Chapter 10 The Normal Approximation and CLT

10.1 Overview

Now that we’ve examined the Normal Distribution, we’re ready to answer a question that was inaccessible before. What’s the likely distribution of results if we play “our game” many times?

We previously talked about what the expected value and variance of one turn of the game, but what if we play, say 100 times? What are the expected value and variance of our overall winnings? And similarly, we previously used the binomial distribution to ask \(P(X/n>0.5)\) (i.e. did our ballot measure or candidate win?), but what if \(n\) is really large, say 1,000,000? Those choose calculations can get pretty complicated.

In this chapter we’ll discuss how we can approximate these results using a Normal distribution, and how we can parameterize that Normal. We’ll also define and discuss the “Central Limit Theorem” which is the groundwork that allows us to make this approximation.

10.1.1 Learning Objectives

After this chapter, you should be able to:

  • Describe what the Central Limit Theorem generally says
  • Calculate the normal distribution of winnings and losses to our previous ‘games’, (as opposed to simply its mean and variance)
  • Use your knowledge of the normal distribution to calculate associated probabilities of winning or losing certain amounts
  • Understand that for large \(n\), a binomial distribution approximates a Normal distribution, and calculate the parameters of a Normal distribution that approximate the Binomial distribution

10.1.2 The Distribution of Sums

Let’s suppose we had a non-standard distribution, as shown below. Maybe this is an unfair (really unfair!), six sided die. The outcomes are still 1 through 6, and the total probability is still one, but here the probabilities of each outcome are NOT equal:

x <- c(1:6)
myd <- c(0.2, 0.2, 0.05, 0.05, 0.4, 0.1)
barplot(myd, names.arg=x)

You could all calculate the mean and variance of this distribution using what we previously learned about discrete random variables.
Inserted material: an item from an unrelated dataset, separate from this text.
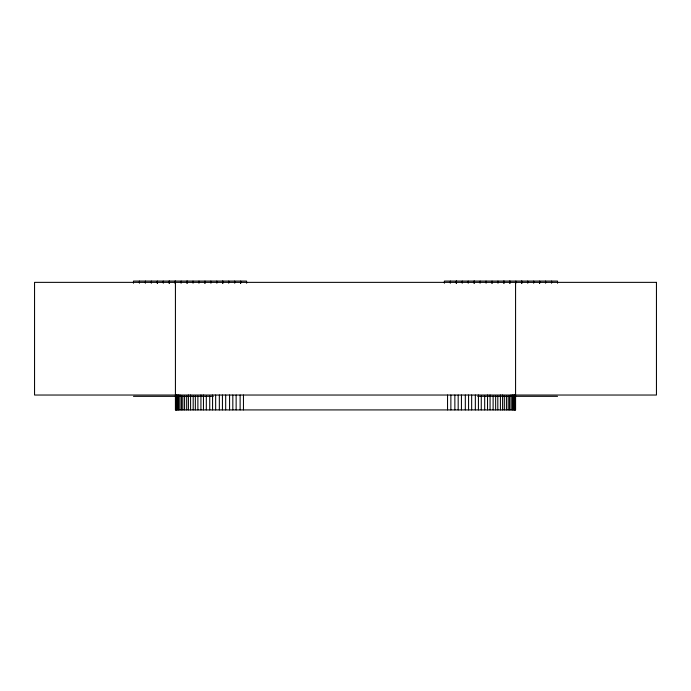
<?xml version="1.0" encoding="UTF-8"?>
<svg xmlns="http://www.w3.org/2000/svg" width="691" height="691" viewBox="0 0 691 691"><rect width="100%" height="100%" fill="white"/><g stroke="black" fill="none" stroke-linecap="round" stroke-linejoin="round"><path stroke-width="1.04" d="M133.475 396.332L213.26 396.332M477.74 396.306L557.525 396.332M557.525 283.241L557.525 281.082L444.365 281.082L444.425 283.241M551.573 281.082L551.573 283.241M545.562 281.082L545.622 283.241M533.711 281.082L533.659 283.241M527.699 281.082L527.76 283.241M521.809 281.082L521.809 283.241M521.748 281.082L521.748 283.241M515.857 281.082L515.797 283.241M515.572 282.36L515.572 409.918L175.428 409.918L175.428 282.36M515.313 395.036L515.313 409.918M515.002 395.036L515.002 409.918M514.735 395.036L514.735 409.918M513.957 395.036L513.957 409.918M513.024 395.036L513.024 409.918M512.247 395.036L512.247 409.918M510.969 395.036L510.969 409.918M509.906 281.082L509.906 283.241M509.846 281.082L509.846 283.241M509.44 396.098L509.44 409.918M508.161 396.098L508.161 409.918M506.417 396.098L506.417 409.918M504.326 396.098L504.326 409.918M503.955 281.082L503.955 283.241M503.894 281.082L503.894 283.241M502.582 395.036L502.582 409.918M500.414 395.036L500.414 409.918M497.943 281.082L497.995 283.241M497.814 396.098L497.814 409.918M495.646 396.098L495.646 409.918M493.115 396.098L493.115 409.918M490.066 395.036L490.066 409.918M487.535 395.036L487.535 409.918M486.032 281.082L486.093 283.241M484.685 396.098L484.685 409.918M481.273 396.098L481.273 409.918M480.141 281.082L480.081 283.241M478.431 395.036L478.431 409.918M475.348 395.036L475.348 409.918M474.19 281.082L474.19 283.241M474.13 281.082L474.13 283.241M471.651 395.036L471.651 409.918M468.567 395.036L468.567 409.918M468.178 281.082L468.239 283.241M465.319 395.036L465.319 409.918M462.279 281.082L462.227 283.241M461.433 395.036L461.433 409.918M458.185 395.036L458.185 409.918M456.328 281.082L456.328 283.241M456.276 281.082L456.276 283.241M454.859 395.036L454.859 409.918M450.869 395.036L450.869 409.918M450.377 281.082L450.316 283.241M447.543 395.036L447.543 409.918M246.635 283.241L246.575 281.082L133.475 281.082L133.475 283.241M243.457 395.036L243.457 409.918M240.131 395.036L240.131 409.918M236.141 395.036L236.141 409.918M234.672 281.082L234.724 283.241M232.815 395.036L232.815 409.918M229.567 395.036L229.567 409.918M228.773 281.082L228.721 283.241M225.681 395.036L225.681 409.918M222.822 281.082L222.822 283.241M222.761 281.082L222.761 283.241M222.433 395.036L222.433 409.918M219.349 395.036L219.349 409.918M216.81 281.082L216.87 283.241M215.652 395.036L215.652 409.918M212.569 395.036L212.569 409.918M210.859 281.082L210.919 283.241M209.727 396.098L209.727 409.918M206.315 396.098L206.315 409.918M203.465 395.036L203.465 409.918M200.934 395.036L200.934 409.918M199.008 281.082L198.956 283.241M197.885 396.098L197.885 409.918M195.354 396.098L195.354 409.918M193.186 396.098L193.186 409.918M193.005 281.082L193.057 283.241M190.586 395.036L190.586 409.918M188.418 395.036L188.418 409.918M187.106 281.082L187.106 283.241M187.045 281.082L187.045 283.241M186.674 396.098L186.674 409.918M184.583 396.098L184.583 409.918M182.839 396.098L182.839 409.918M181.56 396.098L181.56 409.918M181.154 281.082L181.094 283.241M180.031 395.036L180.031 409.918M178.753 395.036L178.753 409.918M177.976 395.036L177.976 409.918M177.043 395.036L177.043 409.918M176.265 395.036L176.265 409.918M175.998 395.036L175.998 409.918M175.687 395.036L175.687 409.918M175.203 281.082L175.203 283.241M175.143 281.082L175.143 283.241M169.252 281.082L169.252 283.241M169.191 281.082L169.191 283.241M163.24 281.082L163.301 283.241M151.389 281.082L151.329 283.241M145.438 281.082L145.378 283.241M139.427 281.082L139.427 283.241M656.45 282.36L34.55 282.36L34.55 395.036L656.45 395.036L656.45 282.36M539.671 283.241L539.671 281.082L539.611 283.241M492.044 283.241L492.044 281.082L491.992 283.241M240.684 283.241L240.684 281.082L240.623 283.241M204.968 283.241L204.968 281.082L204.907 283.241M157.341 283.241L157.341 281.082L157.289 283.241"/></g></svg>

If we did this, we would find \[E[X] = \sum X_ip_i = 1*0.2+ 2*0.2+3*0.05+ 4*0.05 + 5*0.4 + 6*0.1 = 3.55\] and \[Var[X] = E[X^2]-(E[X])^2 = 15.85 - 12.60 = 3.25\]

Instead here, I want to think about is the distribution of the sum of \(n\) rolls, i.e. if we played this game many times, what would the distribution (including mean and variance) of our winnings look like?

How might we calculate this? If we were doing just \(n= 2\) rolls, we could create a 6x6 table and figure out the probabilities of each sum. For anything more than that, it’s much easier (although a little less precise) to simulate these.

Here is the code and histogram of the sum of 2 rolls from 25000 simulations of this unfair distribution:

# set the number of times to run the simulation, pick a big number to reduce the variability
s <- 25000

# create a vector to store the results
rslt <- vector("numeric", s)

# main for loop, run through each simulation, draw two values and then add them together
for (i in 1:s) {
  rslt[i] <- sum(sample(x, 2, prob=myd, replace=T))
}

# plot out the histogram of results
hist(rslt, freq=F, breaks=13, main="sum of 2 rolls")

What do you notice? The possible outcomes range between 2 and 12. Probably not unsurprisingly, it has somewhat of an irregular shape, because of our underlying distribution.

Now, here is the sum of 5 rolls:

# set the number of times to run the simulation
s <- 25000

# create a vector to store the results
rslt <- vector("numeric", s)

# main for loop, run through each simulation, draw two values and then add them together
for (i in 1:s) {
  rslt[i] <- sum(sample(x, 5, prob=myd, replace=T))
}

# plot out the histogram of results
hist(rslt, freq=F, breaks=13, main="sum of 5 rolls")

Now what do you notice? Particularly about the shape of the distribution. Does it remind you of anything?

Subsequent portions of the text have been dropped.